The search follows years of reported sightings of a big creature in the lake, the most recent being in July when Lake District hotelier Thomas Noblett was hit by a three-foot wave as he was swimming.

A chartered boat will take to England’s longest lake on September 19 with celebrity and sports psychic Dean Maynard at the helm. He will be joined by Windermere photographer Linden Adams who claims to have seen ‘Bownessie’ – the nickname for the monster – from a viewpoint on Gummers How in 2007.

There will also be people with cameras dotted around the shoreline to capture any unusual activity.

“Linden Adams and I are really geared up and ready for the challenge ahead and we hope to find some concrete evidence something big does exist in the lake,” said Mr Maynard.

In 2006 The Westmorland Gazette reported how Huddersfield University journalism lecturer Steve Burnip, of Hebden Bridge, saw a serpent-like creature emerge from the waters as he stood at Watbarrow Point across from Waterhead.

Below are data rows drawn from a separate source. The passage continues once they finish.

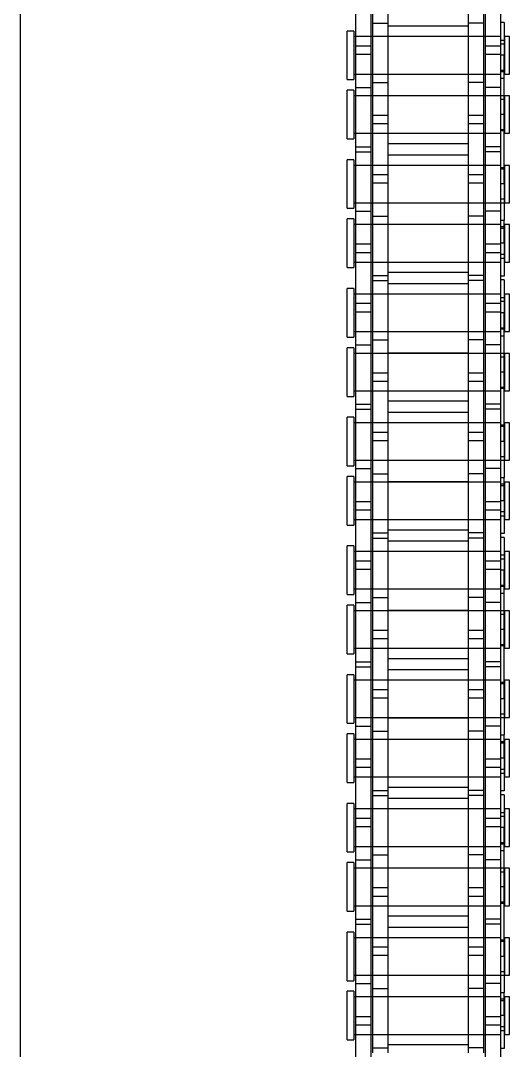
# Model space of a CAD drawing. Header units: metres. Extents: x 0 to 63075, y 0 to 44550.
# Drawn here: x 14315.1 to 14363.4, y 28813.3 to 28914.9 of the extents above; entities that cross this region are included whole.
import ezdxf

# ---------------------------------------------------------------- set-up
doc = ezdxf.new("R2010")
doc.units = ezdxf.units.M
doc.header["$LTSCALE"] = 75
doc.linetypes.add('HIDDEN2', pattern=[4.7625, 3.175, -1.5875])
for name, color, linetype in [('SDM', 7, 'Continuous'), ('SL4', 4, 'Continuous'), ('ST1', 7, 'HIDDEN2')]:
    doc.layers.add(name, color=color, linetype=linetype)

# ---------------------------------------------------------------- blocks, each defined once
blk = doc.blocks.new('A$Ca53c419a')
at = {"layer": 'SL4'}
blk.add_line((2339.74, 281.24), (3664.71, 281.24), dxfattribs=at)
at = {"layer": 'ST1'}
for p, q in [((2413.73, 249), (2418.53, 249)), ((2413.73, 249), (2413.73, 248.34)), ((2418.53, 248.34), (2418.53, 249)), ((2419.58, 249), (2424.37, 249)), ((2419.58, 249), (2419.58, 248.34)), ((2424.37, 248.34), (2424.37, 249)), ((2426.43, 249), (2431.23, 249)), ((2426.43, 249), (2426.43, 248.34)), ((2431.23, 248.34), (2431.23, 249)), ((2432.28, 249), (2437.07, 249)), ((2432.28, 249), (2432.28, 248.34)), ((2437.07, 248.34), (2437.07, 249)), ((2439.13, 249), (2443.93, 249)), ((2439.13, 249), (2439.13, 248.34)), ((2443.93, 248.34), (2443.93, 249)), ((2444.98, 249), (2449.77, 249)), ((2444.98, 249), (2444.98, 248.34)), ((2449.77, 248.34), (2449.77, 249)), ((2451.83, 249), (2456.63, 249)), ((2451.83, 249), (2451.83, 248.34)), ((2456.63, 248.34), (2456.63, 249)), ((2457.68, 249), (2462.47, 249)), ((2457.68, 249), (2457.68, 248.34)), ((2462.47, 248.34), (2462.47, 249)), ((2464.53, 249), (2469.33, 249)), ((2464.53, 249), (2464.53, 248.34)), ((2469.33, 248.34), (2469.33, 249)), ((2470.38, 249), (2475.17, 249)), ((2470.38, 249), (2470.38, 248.34)), ((2475.17, 248.34), (2475.17, 249)), ((2477.23, 249), (2482.03, 249)), ((2477.23, 249), (2477.23, 248.34)), ((2482.03, 248.34), (2482.03, 249)), ((2483.08, 249), (2487.87, 249)), ((2483.08, 249), (2483.08, 248.34)), ((2487.87, 248.34), (2487.87, 249)), ((2489.93, 249), (2494.73, 249)), ((2489.93, 249), (2489.93, 248.34)), ((2494.73, 248.34), (2494.73, 249)), ((2495.78, 249), (2500.57, 249)), ((2495.78, 249), (2495.78, 248.34)), ((2500.57, 248.34), (2500.57, 249)), ((2502.63, 249), (2507.43, 249)), ((2502.63, 249), (2502.63, 248.34)), ((2507.43, 248.34), (2507.43, 249)), ((2508.48, 249), (2513.27, 249)), ((2508.48, 249), (2508.48, 248.34)), ((2513.27, 248.34), (2513.27, 249)), ((2406.1, 248.16), (2415.2, 248.16)), ((2418.53, 248.34), (2413.73, 248.34)), ((2414.28, 248.34), (2414.28, 233.84)), ((2414.28, 248.16), (2414.28, 246.64)), ((2415.2, 248.16), (2416.06, 248.16)), ((2415.2, 246.64), (2415.2, 248.16)), ((2416.06, 248.16), (2425.15, 248.16)), ((2416.06, 248.16), (2416.06, 246.64)), ((2417.97, 233.84), (2417.97, 248.34)), ((2417.97, 246.64), (2417.97, 248.16)), ((2419.3, 248.16), (2419.3, 246.64)), ((2424.37, 248.34), (2419.58, 248.34)), ((2420.13, 248.34), (2420.13, 233.84)), ((2420.13, 248.16), (2420.13, 246.64)), ((2423.82, 233.84), (2423.82, 248.34)), ((2423.82, 246.64), (2423.82, 248.16)), ((2425.15, 248.16), (2425.15, 246.64)), ((2425.15, 248.16), (2431.5, 248.16)), ((2425.65, 248.16), (2425.65, 246.64)), ((2431.23, 248.34), (2426.43, 248.34)), ((2426.98, 248.34), (2426.98, 233.84)), ((2426.98, 248.16), (2426.98, 246.64)), ((2430.67, 233.84), (2430.67, 248.34)), ((2430.67, 246.64), (2430.67, 248.16)), ((2431.5, 248.16), (2431.5, 246.64)), ((2431.5, 248.16), (2440.6, 248.16)), ((2437.07, 248.34), (2432.28, 248.34)), ((2432.83, 248.34), (2432.83, 233.84)), ((2432.83, 248.16), (2432.83, 246.64)), ((2434.75, 246.64), (2434.75, 248.16)), ((2435.61, 248.16), (2435.61, 246.64)), ((2436.52, 233.84), (2436.52, 248.34)), ((2436.52, 246.64), (2436.52, 248.16)), ((2443.93, 248.34), (2439.13, 248.34)), ((2439.68, 248.34), (2439.68, 233.84)), ((2439.68, 248.16), (2439.68, 246.64)), ((2440.6, 248.16), (2441.46, 248.16)), ((2440.6, 246.64), (2440.6, 248.16)), ((2441.46, 248.16), (2450.55, 248.16)), ((2441.46, 248.16), (2441.46, 246.64)), ((2443.37, 233.84), (2443.37, 248.34)), ((2443.37, 246.64), (2443.37, 248.16)), ((2444.7, 248.16), (2444.7, 246.64)), ((2449.77, 248.34), (2444.98, 248.34)), ((2445.53, 248.34), (2445.53, 233.84)), ((2445.53, 248.16), (2445.53, 246.64)), ((2449.22, 233.84), (2449.22, 248.34)), ((2449.22, 246.64), (2449.22, 248.16)), ((2450.55, 248.16), (2450.55, 246.64)), ((2450.55, 248.16), (2456.9, 248.16)), ((2451.05, 248.16), (2451.05, 246.64)), ((2456.63, 248.34), (2451.83, 248.34)), ((2452.38, 248.34), (2452.38, 233.84)), ((2452.38, 248.16), (2452.38, 246.64)), ((2456.07, 233.84), (2456.07, 248.34)), ((2456.07, 246.64), (2456.07, 248.16)), ((2456.9, 248.16), (2456.9, 246.64)), ((2456.9, 248.16), (2466, 248.16)), ((2462.47, 248.34), (2457.68, 248.34)), ((2458.23, 248.34), (2458.23, 233.84)), ((2458.23, 248.16), (2458.23, 246.64)), ((2460.15, 246.64), (2460.15, 248.16)), ((2461.01, 248.16), (2461.01, 246.64)), ((2461.92, 233.84), (2461.92, 248.34)), ((2461.92, 246.64), (2461.92, 248.16)), ((2469.33, 248.34), (2464.53, 248.34)), ((2465.08, 248.34), (2465.08, 233.84)), ((2465.08, 248.16), (2465.08, 246.64)), ((2466, 248.16), (2466.86, 248.16)), ((2466, 246.64), (2466, 248.16)), ((2466.86, 248.16), (2475.95, 248.16)), ((2466.86, 248.16), (2466.86, 246.64)), ((2468.77, 233.84), (2468.77, 248.34)), ((2468.77, 246.64), (2468.77, 248.16)), ((2470.1, 248.16), (2470.1, 246.64)), ((2475.17, 248.34), (2470.38, 248.34)), ((2470.93, 248.34), (2470.93, 233.84)), ((2470.93, 248.16), (2470.93, 246.64)), ((2474.62, 233.84), (2474.62, 248.34)), ((2474.62, 246.64), (2474.62, 248.16)), ((2475.95, 248.16), (2475.95, 246.64)), ((2475.95, 248.16), (2482.3, 248.16)), ((2476.45, 248.16), (2476.45, 246.64)), ((2482.03, 248.34), (2477.23, 248.34)), ((2477.78, 248.34), (2477.78, 233.84)), ((2477.78, 248.16), (2477.78, 246.64)), ((2481.47, 233.84), (2481.47, 248.34)), ((2481.47, 246.64), (2481.47, 248.16)), ((2482.3, 248.16), (2482.3, 246.64)), ((2482.3, 248.16), (2491.4, 248.16)), ((2487.87, 248.34), (2483.08, 248.34)), ((2483.63, 248.34), (2483.63, 233.84)), ((2483.63, 248.16), (2483.63, 246.64)), ((2485.55, 246.64), (2485.55, 248.16)), ((2486.41, 248.16), (2486.41, 246.64)), ((2487.32, 233.84), (2487.32, 248.34)), ((2487.32, 246.64), (2487.32, 248.16)), ((2494.73, 248.34), (2489.93, 248.34)), ((2490.48, 248.34), (2490.48, 233.84)), ((2490.48, 248.16), (2490.48, 246.64)), ((2491.4, 248.16), (2492.26, 248.16)), ((2491.4, 246.64), (2491.4, 248.16)), ((2492.26, 248.16), (2501.35, 248.16)), ((2492.26, 248.16), (2492.26, 246.64)), ((2494.17, 233.84), (2494.17, 248.34)), ((2494.17, 246.64), (2494.17, 248.16)), ((2495.5, 248.16), (2495.5, 246.64)), ((2500.57, 248.34), (2495.78, 248.34)), ((2496.33, 248.34), (2496.33, 233.84)), ((2496.33, 248.16), (2496.33, 246.64)), ((2500.02, 233.84), (2500.02, 248.34)), ((2500.02, 246.64), (2500.02, 248.16)), ((2501.35, 248.16), (2501.35, 246.64)), ((2501.35, 248.16), (2507.7, 248.16)), ((2501.85, 248.16), (2501.85, 246.64)), ((2507.43, 248.34), (2502.63, 248.34)), ((2503.18, 248.34), (2503.18, 233.84)), ((2503.18, 248.16), (2503.18, 246.64)), ((2506.87, 233.84), (2506.87, 248.34)), ((2506.87, 246.64), (2506.87, 248.16)), ((2507.7, 248.16), (2507.7, 246.64)), ((2507.7, 248.16), (2516.8, 248.16)), ((2513.27, 248.34), (2508.48, 248.34)), ((2509.03, 248.34), (2509.03, 233.84)), ((2509.03, 248.16), (2509.03, 246.64)), ((2510.95, 246.64), (2510.95, 248.16)), ((2511.81, 248.16), (2511.81, 246.64)), ((2512.72, 233.84), (2512.72, 248.34)), ((2512.72, 246.64), (2512.72, 248.16)), ((2406.1, 246.64), (2415.2, 246.64)), ((2412.45, 246.48), (2418.8, 246.48)), ((2412.95, 246.48), (2412.95, 244.96)), ((2414.28, 246.48), (2414.28, 244.96)), ((2415.2, 246.64), (2416.06, 246.64)), ((2416.06, 246.64), (2425.15, 246.64)), ((2417.97, 244.96), (2417.97, 246.48)), ((2418.8, 246.48), (2418.8, 244.96)), ((2418.8, 246.48), (2427.9, 246.48)), ((2420.13, 246.48), (2420.13, 244.96)), ((2422.05, 244.96), (2422.05, 246.48)), ((2422.91, 246.48), (2422.91, 244.96)), ((2423.82, 244.96), (2423.82, 246.48)), ((2425.15, 246.64), (2431.5, 246.64)), ((2426.98, 246.48), (2426.98, 244.96)), ((2427.9, 246.48), (2428.76, 246.48)), ((2427.9, 244.96), (2427.9, 246.48)), ((2428.76, 246.48), (2437.85, 246.48)), ((2428.76, 246.48), (2428.76, 244.96)), ((2430.67, 244.96), (2430.67, 246.48)), ((2431.5, 246.64), (2440.6, 246.64)), ((2432, 246.48), (2432, 244.96)), ((2432.83, 246.48), (2432.83, 244.96)), ((2436.52, 244.96), (2436.52, 246.48)), ((2437.85, 246.48), (2437.85, 244.96)), ((2437.85, 246.48), (2444.2, 246.48)), ((2438.35, 246.48), (2438.35, 244.96)), ((2439.68, 246.48), (2439.68, 244.96)), ((2440.6, 246.64), (2441.46, 246.64)), ((2441.46, 246.64), (2450.55, 246.64)), ((2443.37, 244.96), (2443.37, 246.48)), ((2444.2, 246.48), (2444.2, 244.96)), ((2444.2, 246.48), (2453.3, 246.48)), ((2445.53, 246.48), (2445.53, 244.96)), ((2447.45, 244.96), (2447.45, 246.48)), ((2448.31, 246.48), (2448.31, 244.96)), ((2449.22, 244.96), (2449.22, 246.48)), ((2450.55, 246.64), (2456.9, 246.64)), ((2452.38, 246.48), (2452.38, 244.96)), ((2453.3, 246.48), (2454.16, 246.48)), ((2453.3, 244.96), (2453.3, 246.48)), ((2454.16, 246.48), (2463.25, 246.48)), ((2454.16, 246.48), (2454.16, 244.96)), ((2456.07, 244.96), (2456.07, 246.48)), ((2456.9, 246.64), (2466, 246.64)), ((2457.4, 246.48), (2457.4, 244.96)), ((2458.23, 246.48), (2458.23, 244.96)), ((2461.92, 244.96), (2461.92, 246.48)), ((2463.25, 246.48), (2463.25, 244.96)), ((2463.25, 246.48), (2469.6, 246.48)), ((2463.75, 246.48), (2463.75, 244.96)), ((2465.08, 246.48), (2465.08, 244.96)), ((2466, 246.64), (2466.86, 246.64)), ((2466.86, 246.64), (2475.95, 246.64)), ((2468.77, 244.96), (2468.77, 246.48)), ((2469.6, 246.48), (2469.6, 244.96)), ((2469.6, 246.48), (2478.7, 246.48)), ((2470.93, 246.48), (2470.93, 244.96)), ((2472.85, 244.96), (2472.85, 246.48)), ((2473.71, 246.48), (2473.71, 244.96)), ((2474.62, 244.96), (2474.62, 246.48)), ((2475.95, 246.64), (2482.3, 246.64)), ((2477.78, 246.48), (2477.78, 244.96)), ((2478.7, 246.48), (2479.56, 246.48)), ((2478.7, 244.96), (2478.7, 246.48)), ((2479.56, 246.48), (2488.65, 246.48)), ((2479.56, 246.48), (2479.56, 244.96)), ((2481.47, 244.96), (2481.47, 246.48)), ((2482.3, 246.64), (2491.4, 246.64)), ((2482.8, 246.48), (2482.8, 244.96)), ((2483.63, 246.48), (2483.63, 244.96)), ((2487.32, 244.96), (2487.32, 246.48)), ((2488.65, 246.48), (2488.65, 244.96)), ((2488.65, 246.48), (2495, 246.48)), ((2489.15, 246.48), (2489.15, 244.96)), ((2490.48, 246.48), (2490.48, 244.96)), ((2491.4, 246.64), (2492.26, 246.64)), ((2492.26, 246.64), (2501.35, 246.64)), ((2494.17, 244.96), (2494.17, 246.48)), ((2495, 246.48), (2495, 244.96)), ((2495, 246.48), (2504.1, 246.48)), ((2496.33, 246.48), (2496.33, 244.96)), ((2498.25, 244.96), (2498.25, 246.48)), ((2499.11, 246.48), (2499.11, 244.96)), ((2500.02, 244.96), (2500.02, 246.48)), ((2501.35, 246.64), (2507.7, 246.64)), ((2503.18, 246.48), (2503.18, 244.96)), ((2504.1, 246.48), (2504.96, 246.48)), ((2504.1, 244.96), (2504.1, 246.48)), ((2504.96, 246.48), (2514.05, 246.48)), ((2504.96, 246.48), (2504.96, 244.96)), ((2506.87, 244.96), (2506.87, 246.48)), ((2507.7, 246.64), (2516.8, 246.64)), ((2508.2, 246.48), (2508.2, 244.96)), ((2509.03, 246.48), (2509.03, 244.96)), ((2512.72, 244.96), (2512.72, 246.48)), ((2514.05, 246.48), (2514.05, 244.96)), ((2514.05, 246.48), (2520.4, 246.48)), ((2412.45, 244.96), (2418.8, 244.96)), ((2413.24, 237.03), (2413.24, 244.96)), ((2414.28, 244.96), (2414.28, 237.03)), ((2417.97, 237.03), (2417.97, 244.96)), ((2418.02, 244.96), (2418.02, 237.03)), ((2418.8, 244.96), (2427.9, 244.96)), ((2420.09, 237.03), (2420.09, 244.96)), ((2420.13, 244.96), (2420.13, 237.03)), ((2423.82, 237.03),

He described it as being 15 to 20 feet long with a little head and two small humps following in its wake. He said it looked like a giant eel.

“I am absolutely convinced that there is a big creature in the lake,” said Mr Burnip. “I am really pleased that there is a renewed interest in it because I know what I saw.

“I can see it in my head now, this grey lump and the humps breaking the water like you see in the classic Loch Ness pictures. There is something in there, something quite big and elusive.”

Mr Adams, whose picture of the creature was studied by photographic experts after appearing on the front page of the Gazette, said: “I looked at it through binoculars and the naked eye and what I saw was huge.

“A lot of photographic experts have had the opportunity to look at the pictures and they are still baffled.”

Ecology experts have told the Gazette that catfish are sometimes introduced to lakes by anglers. They believe that what could be being seen is the Welsh catfish that originates from mainland Europe.